*** DATA EXTRACT Section Begins ***

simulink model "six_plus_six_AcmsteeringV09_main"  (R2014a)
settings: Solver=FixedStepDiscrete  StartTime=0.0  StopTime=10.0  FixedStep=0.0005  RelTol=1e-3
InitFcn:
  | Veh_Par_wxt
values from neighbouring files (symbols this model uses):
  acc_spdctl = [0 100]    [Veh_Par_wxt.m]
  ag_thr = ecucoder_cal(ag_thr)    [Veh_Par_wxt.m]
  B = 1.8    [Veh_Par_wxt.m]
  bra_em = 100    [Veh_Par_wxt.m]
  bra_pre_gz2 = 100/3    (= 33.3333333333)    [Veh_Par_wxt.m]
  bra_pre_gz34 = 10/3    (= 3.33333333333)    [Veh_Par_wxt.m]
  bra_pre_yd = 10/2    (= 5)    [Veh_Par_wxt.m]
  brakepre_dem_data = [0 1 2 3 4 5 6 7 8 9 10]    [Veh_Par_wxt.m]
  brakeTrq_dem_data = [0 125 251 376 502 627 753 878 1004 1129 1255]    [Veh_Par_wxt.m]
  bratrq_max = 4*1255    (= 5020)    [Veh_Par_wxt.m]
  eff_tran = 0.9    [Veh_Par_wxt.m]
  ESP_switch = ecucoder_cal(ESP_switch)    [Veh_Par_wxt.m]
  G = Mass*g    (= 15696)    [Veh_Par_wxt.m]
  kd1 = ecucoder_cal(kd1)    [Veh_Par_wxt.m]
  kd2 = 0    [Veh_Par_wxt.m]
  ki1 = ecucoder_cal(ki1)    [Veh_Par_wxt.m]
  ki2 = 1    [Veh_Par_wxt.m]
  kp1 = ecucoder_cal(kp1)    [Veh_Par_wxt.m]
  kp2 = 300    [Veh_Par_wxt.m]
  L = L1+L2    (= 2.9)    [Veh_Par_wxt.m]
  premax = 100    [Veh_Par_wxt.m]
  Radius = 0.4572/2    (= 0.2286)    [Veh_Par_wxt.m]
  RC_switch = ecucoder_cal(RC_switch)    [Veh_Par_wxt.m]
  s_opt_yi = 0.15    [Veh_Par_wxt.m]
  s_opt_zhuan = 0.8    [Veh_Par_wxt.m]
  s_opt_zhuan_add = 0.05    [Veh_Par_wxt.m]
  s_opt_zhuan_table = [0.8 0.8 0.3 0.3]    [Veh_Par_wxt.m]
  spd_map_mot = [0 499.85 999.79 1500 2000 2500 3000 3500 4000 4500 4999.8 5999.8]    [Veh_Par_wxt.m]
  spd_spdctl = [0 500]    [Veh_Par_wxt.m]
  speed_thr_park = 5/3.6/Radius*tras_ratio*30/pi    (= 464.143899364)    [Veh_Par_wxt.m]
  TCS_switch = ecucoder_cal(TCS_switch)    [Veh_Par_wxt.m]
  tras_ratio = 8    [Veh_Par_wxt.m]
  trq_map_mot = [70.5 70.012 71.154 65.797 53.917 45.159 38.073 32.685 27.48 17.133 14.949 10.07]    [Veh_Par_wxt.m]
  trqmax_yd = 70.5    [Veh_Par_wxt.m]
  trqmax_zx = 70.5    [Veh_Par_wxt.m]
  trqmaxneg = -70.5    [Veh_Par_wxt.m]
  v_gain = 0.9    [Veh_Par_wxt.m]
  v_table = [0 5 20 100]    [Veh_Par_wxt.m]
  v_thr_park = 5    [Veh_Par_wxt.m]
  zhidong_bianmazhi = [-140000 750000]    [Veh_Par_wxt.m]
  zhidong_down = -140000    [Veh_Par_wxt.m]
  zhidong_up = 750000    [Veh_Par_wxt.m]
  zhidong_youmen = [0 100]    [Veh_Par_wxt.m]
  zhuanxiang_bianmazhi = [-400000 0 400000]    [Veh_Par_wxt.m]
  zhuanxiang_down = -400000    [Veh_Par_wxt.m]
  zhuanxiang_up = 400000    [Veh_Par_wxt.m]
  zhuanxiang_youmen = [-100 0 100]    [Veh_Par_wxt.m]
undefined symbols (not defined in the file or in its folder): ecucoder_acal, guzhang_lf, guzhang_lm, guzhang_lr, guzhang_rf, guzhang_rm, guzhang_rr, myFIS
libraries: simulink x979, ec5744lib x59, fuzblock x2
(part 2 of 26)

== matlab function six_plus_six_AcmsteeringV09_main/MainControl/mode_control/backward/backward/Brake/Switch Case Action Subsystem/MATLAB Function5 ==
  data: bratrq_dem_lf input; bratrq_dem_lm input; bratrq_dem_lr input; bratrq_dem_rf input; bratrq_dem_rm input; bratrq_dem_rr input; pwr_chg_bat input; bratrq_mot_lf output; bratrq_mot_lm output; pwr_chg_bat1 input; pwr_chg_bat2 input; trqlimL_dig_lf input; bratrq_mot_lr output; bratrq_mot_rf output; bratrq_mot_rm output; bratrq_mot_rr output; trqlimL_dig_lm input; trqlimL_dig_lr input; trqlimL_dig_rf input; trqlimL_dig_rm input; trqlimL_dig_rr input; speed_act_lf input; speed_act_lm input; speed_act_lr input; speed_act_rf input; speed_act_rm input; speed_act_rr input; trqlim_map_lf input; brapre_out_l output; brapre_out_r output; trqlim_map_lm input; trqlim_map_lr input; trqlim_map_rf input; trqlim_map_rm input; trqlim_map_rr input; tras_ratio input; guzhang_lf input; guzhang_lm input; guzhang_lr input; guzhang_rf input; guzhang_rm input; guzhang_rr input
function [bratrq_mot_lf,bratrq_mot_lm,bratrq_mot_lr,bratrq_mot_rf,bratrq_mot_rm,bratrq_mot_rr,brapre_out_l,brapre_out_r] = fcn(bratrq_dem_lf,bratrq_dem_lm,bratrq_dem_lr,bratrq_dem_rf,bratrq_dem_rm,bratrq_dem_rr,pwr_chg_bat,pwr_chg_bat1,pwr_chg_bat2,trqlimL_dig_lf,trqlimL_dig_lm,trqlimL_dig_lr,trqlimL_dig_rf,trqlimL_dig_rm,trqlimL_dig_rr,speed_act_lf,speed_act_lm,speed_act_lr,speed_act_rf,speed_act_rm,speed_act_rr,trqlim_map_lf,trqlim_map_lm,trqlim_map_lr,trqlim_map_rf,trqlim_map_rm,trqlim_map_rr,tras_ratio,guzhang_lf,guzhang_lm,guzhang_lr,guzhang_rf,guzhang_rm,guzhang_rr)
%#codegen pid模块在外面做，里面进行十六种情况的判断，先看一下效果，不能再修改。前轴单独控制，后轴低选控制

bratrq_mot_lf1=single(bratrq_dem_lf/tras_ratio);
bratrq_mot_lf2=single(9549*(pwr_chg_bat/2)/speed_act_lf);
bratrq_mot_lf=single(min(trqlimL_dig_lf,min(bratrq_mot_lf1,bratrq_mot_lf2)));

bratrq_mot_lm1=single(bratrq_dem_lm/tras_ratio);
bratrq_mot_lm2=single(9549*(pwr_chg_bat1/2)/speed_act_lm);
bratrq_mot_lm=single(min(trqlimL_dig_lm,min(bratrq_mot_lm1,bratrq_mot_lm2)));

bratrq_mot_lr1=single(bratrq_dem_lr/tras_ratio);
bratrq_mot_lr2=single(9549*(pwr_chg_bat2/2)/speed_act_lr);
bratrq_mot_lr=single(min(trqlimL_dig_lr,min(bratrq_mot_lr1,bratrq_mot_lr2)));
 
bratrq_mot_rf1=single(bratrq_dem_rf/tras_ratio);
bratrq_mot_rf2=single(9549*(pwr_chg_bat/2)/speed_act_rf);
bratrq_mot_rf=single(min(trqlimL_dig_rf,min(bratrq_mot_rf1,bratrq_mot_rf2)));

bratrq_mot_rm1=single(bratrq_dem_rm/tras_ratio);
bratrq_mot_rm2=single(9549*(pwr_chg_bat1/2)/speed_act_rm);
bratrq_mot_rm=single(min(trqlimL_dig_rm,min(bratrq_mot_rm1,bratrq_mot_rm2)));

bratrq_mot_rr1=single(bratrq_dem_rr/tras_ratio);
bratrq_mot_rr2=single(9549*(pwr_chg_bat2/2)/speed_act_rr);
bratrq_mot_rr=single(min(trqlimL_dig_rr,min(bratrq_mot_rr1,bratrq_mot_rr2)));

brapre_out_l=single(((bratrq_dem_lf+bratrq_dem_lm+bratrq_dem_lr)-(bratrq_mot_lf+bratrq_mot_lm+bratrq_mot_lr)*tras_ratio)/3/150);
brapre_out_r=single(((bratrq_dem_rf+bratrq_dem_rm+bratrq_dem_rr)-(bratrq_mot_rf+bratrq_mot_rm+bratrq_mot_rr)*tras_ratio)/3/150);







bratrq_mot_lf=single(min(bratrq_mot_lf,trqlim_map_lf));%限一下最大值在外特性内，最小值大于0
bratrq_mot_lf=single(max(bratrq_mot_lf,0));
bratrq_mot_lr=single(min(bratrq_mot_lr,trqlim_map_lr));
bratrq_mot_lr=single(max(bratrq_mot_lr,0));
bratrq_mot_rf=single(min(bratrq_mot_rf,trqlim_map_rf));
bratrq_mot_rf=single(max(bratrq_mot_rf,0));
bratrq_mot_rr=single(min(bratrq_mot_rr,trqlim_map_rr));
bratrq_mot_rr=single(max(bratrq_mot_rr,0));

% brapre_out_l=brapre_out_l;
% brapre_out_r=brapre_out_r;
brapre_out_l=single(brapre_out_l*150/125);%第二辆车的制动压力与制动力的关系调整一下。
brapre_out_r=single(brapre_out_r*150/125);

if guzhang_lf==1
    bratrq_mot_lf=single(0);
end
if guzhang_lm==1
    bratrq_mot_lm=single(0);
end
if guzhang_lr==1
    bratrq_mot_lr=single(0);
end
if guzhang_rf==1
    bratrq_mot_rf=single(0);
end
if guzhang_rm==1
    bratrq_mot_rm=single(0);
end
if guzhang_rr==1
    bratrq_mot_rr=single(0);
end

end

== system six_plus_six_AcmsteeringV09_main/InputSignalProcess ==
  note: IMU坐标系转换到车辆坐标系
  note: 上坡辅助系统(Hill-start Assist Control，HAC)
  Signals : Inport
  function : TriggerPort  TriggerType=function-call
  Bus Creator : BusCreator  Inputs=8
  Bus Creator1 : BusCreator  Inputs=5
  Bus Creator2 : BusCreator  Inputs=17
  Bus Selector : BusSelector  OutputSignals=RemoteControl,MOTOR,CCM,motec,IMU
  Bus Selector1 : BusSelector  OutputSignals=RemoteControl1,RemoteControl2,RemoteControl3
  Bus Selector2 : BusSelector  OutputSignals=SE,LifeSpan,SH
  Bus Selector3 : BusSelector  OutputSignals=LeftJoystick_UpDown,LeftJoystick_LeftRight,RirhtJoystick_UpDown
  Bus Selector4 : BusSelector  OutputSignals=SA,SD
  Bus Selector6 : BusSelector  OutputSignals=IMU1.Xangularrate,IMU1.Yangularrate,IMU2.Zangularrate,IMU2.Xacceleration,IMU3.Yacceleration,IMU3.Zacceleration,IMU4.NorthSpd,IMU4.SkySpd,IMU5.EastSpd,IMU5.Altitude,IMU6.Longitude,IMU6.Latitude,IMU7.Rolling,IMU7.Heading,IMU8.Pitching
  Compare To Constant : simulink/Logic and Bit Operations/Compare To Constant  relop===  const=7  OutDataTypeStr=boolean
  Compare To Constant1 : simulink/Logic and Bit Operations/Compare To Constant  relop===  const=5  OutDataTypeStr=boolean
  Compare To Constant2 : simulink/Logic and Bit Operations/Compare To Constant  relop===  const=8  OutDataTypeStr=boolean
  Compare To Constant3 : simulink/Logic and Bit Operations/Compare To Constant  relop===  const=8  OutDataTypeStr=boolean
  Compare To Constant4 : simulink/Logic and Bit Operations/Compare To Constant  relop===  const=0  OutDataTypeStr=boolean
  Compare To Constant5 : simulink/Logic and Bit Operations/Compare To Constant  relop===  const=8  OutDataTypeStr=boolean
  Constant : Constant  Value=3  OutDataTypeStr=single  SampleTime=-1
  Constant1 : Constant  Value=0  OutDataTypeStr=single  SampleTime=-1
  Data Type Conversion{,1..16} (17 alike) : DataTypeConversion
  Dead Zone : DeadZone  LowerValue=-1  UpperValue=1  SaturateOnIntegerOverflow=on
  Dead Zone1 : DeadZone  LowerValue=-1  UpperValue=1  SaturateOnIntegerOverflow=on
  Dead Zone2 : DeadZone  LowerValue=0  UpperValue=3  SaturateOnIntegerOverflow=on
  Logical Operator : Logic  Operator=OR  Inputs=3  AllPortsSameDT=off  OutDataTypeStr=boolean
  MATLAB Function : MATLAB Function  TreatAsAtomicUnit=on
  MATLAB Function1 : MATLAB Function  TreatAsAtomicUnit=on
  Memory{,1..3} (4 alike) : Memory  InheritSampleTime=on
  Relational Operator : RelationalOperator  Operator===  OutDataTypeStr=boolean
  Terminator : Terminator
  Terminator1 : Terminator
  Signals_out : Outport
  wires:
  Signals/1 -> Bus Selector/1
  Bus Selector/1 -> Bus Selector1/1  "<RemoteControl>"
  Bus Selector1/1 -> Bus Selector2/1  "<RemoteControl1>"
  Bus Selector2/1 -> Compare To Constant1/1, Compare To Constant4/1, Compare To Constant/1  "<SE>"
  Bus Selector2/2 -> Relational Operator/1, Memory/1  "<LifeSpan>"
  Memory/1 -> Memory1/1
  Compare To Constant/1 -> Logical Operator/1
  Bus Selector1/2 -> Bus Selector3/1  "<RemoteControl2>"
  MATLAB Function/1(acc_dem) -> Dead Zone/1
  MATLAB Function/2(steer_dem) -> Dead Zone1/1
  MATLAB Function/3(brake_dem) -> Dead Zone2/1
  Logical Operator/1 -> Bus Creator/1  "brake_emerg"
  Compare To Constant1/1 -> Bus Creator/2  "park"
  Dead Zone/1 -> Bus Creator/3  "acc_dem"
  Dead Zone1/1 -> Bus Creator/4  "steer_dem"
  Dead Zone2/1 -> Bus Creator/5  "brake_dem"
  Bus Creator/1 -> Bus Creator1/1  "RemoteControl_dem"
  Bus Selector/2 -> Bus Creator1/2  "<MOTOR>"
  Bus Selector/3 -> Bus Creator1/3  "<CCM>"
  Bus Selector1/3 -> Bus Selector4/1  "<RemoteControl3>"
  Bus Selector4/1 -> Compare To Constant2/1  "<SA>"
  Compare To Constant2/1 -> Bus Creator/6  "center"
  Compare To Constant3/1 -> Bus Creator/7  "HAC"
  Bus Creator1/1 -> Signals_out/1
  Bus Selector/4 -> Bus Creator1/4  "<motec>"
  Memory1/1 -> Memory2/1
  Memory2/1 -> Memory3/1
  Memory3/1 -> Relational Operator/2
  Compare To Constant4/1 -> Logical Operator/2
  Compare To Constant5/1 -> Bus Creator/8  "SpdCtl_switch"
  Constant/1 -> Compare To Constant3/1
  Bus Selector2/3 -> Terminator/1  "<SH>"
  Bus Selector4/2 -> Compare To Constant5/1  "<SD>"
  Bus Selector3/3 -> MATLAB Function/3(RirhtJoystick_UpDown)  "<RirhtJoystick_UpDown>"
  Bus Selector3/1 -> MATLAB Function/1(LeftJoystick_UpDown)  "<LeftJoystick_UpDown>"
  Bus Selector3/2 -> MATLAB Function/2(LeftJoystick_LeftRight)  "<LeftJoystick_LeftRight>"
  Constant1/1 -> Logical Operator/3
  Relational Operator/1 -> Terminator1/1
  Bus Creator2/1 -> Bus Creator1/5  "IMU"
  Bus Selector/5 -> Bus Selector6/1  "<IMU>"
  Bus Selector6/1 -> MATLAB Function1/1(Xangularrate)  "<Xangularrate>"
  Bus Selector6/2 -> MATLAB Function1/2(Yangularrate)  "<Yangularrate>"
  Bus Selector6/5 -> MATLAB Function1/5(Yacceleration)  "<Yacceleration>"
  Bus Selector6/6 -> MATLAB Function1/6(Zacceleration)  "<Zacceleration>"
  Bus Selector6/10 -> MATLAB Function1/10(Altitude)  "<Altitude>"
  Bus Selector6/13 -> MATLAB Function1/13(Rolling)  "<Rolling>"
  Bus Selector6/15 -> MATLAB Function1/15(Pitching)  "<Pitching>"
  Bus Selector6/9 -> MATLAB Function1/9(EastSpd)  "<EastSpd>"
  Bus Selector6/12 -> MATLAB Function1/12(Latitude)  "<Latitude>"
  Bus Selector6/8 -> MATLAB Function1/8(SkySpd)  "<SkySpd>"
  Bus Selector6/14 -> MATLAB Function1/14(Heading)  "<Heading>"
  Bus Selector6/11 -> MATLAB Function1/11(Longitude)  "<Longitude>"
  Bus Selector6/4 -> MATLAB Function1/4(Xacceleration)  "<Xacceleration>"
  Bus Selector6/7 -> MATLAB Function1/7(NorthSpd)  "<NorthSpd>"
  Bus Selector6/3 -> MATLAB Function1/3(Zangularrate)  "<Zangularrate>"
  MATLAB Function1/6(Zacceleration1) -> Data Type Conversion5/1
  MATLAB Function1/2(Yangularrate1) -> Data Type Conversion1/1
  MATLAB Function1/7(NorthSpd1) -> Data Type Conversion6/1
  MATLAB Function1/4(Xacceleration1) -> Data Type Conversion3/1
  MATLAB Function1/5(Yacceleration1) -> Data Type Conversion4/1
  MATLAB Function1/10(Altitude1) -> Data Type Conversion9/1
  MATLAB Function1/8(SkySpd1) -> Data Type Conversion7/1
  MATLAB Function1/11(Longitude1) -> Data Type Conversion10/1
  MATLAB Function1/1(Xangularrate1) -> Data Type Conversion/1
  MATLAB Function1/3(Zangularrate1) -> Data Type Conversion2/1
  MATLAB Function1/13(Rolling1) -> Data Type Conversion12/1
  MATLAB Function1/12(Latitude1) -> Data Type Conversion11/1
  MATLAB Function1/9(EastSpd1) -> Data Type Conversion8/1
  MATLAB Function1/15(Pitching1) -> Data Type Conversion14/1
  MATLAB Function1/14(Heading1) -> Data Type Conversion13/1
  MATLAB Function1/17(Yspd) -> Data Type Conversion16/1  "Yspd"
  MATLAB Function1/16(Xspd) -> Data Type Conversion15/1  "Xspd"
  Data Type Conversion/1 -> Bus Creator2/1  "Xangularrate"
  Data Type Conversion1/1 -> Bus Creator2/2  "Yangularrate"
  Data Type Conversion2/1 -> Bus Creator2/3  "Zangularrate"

*** DATA EXTRACT Section Ends ***

EXERCISE. Would you print exactly and only the lines of the material above that run from the line with "note: IMU坐标系转换到车辆坐标系" through the line with "Bus Selector6 : BusSelector", both included?

ANSWER BELOW.
  note: IMU坐标系转换到车辆坐标系
  note: 上坡辅助系统(Hill-start Assist Control，HAC)
  Signals : Inport
  function : TriggerPort  TriggerType=function-call
  Bus Creator : BusCreator  Inputs=8
  Bus Creator1 : BusCreator  Inputs=5
  Bus Creator2 : BusCreator  Inputs=17
  Bus Selector : BusSelector  OutputSignals=RemoteControl,MOTOR,CCM,motec,IMU
  Bus Selector1 : BusSelector  OutputSignals=RemoteControl1,RemoteControl2,RemoteControl3
  Bus Selector2 : BusSelector  OutputSignals=SE,LifeSpan,SH
  Bus Selector3 : BusSelector  OutputSignals=LeftJoystick_UpDown,LeftJoystick_LeftRight,RirhtJoystick_UpDown
  Bus Selector4 : BusSelector  OutputSignals=SA,SD
  Bus Selector6 : BusSelector  OutputSignals=IMU1.Xangularrate,IMU1.Yangularrate,IMU2.Zangularrate,IMU2.Xacceleration,IMU3.Yacceleration,IMU3.Zacceleration,IMU4.NorthSpd,IMU4.SkySpd,IMU5.EastSpd,IMU5.Altitude,IMU6.Longitude,IMU6.Latitude,IMU7.Rolling,IMU7.Heading,IMU8.Pitching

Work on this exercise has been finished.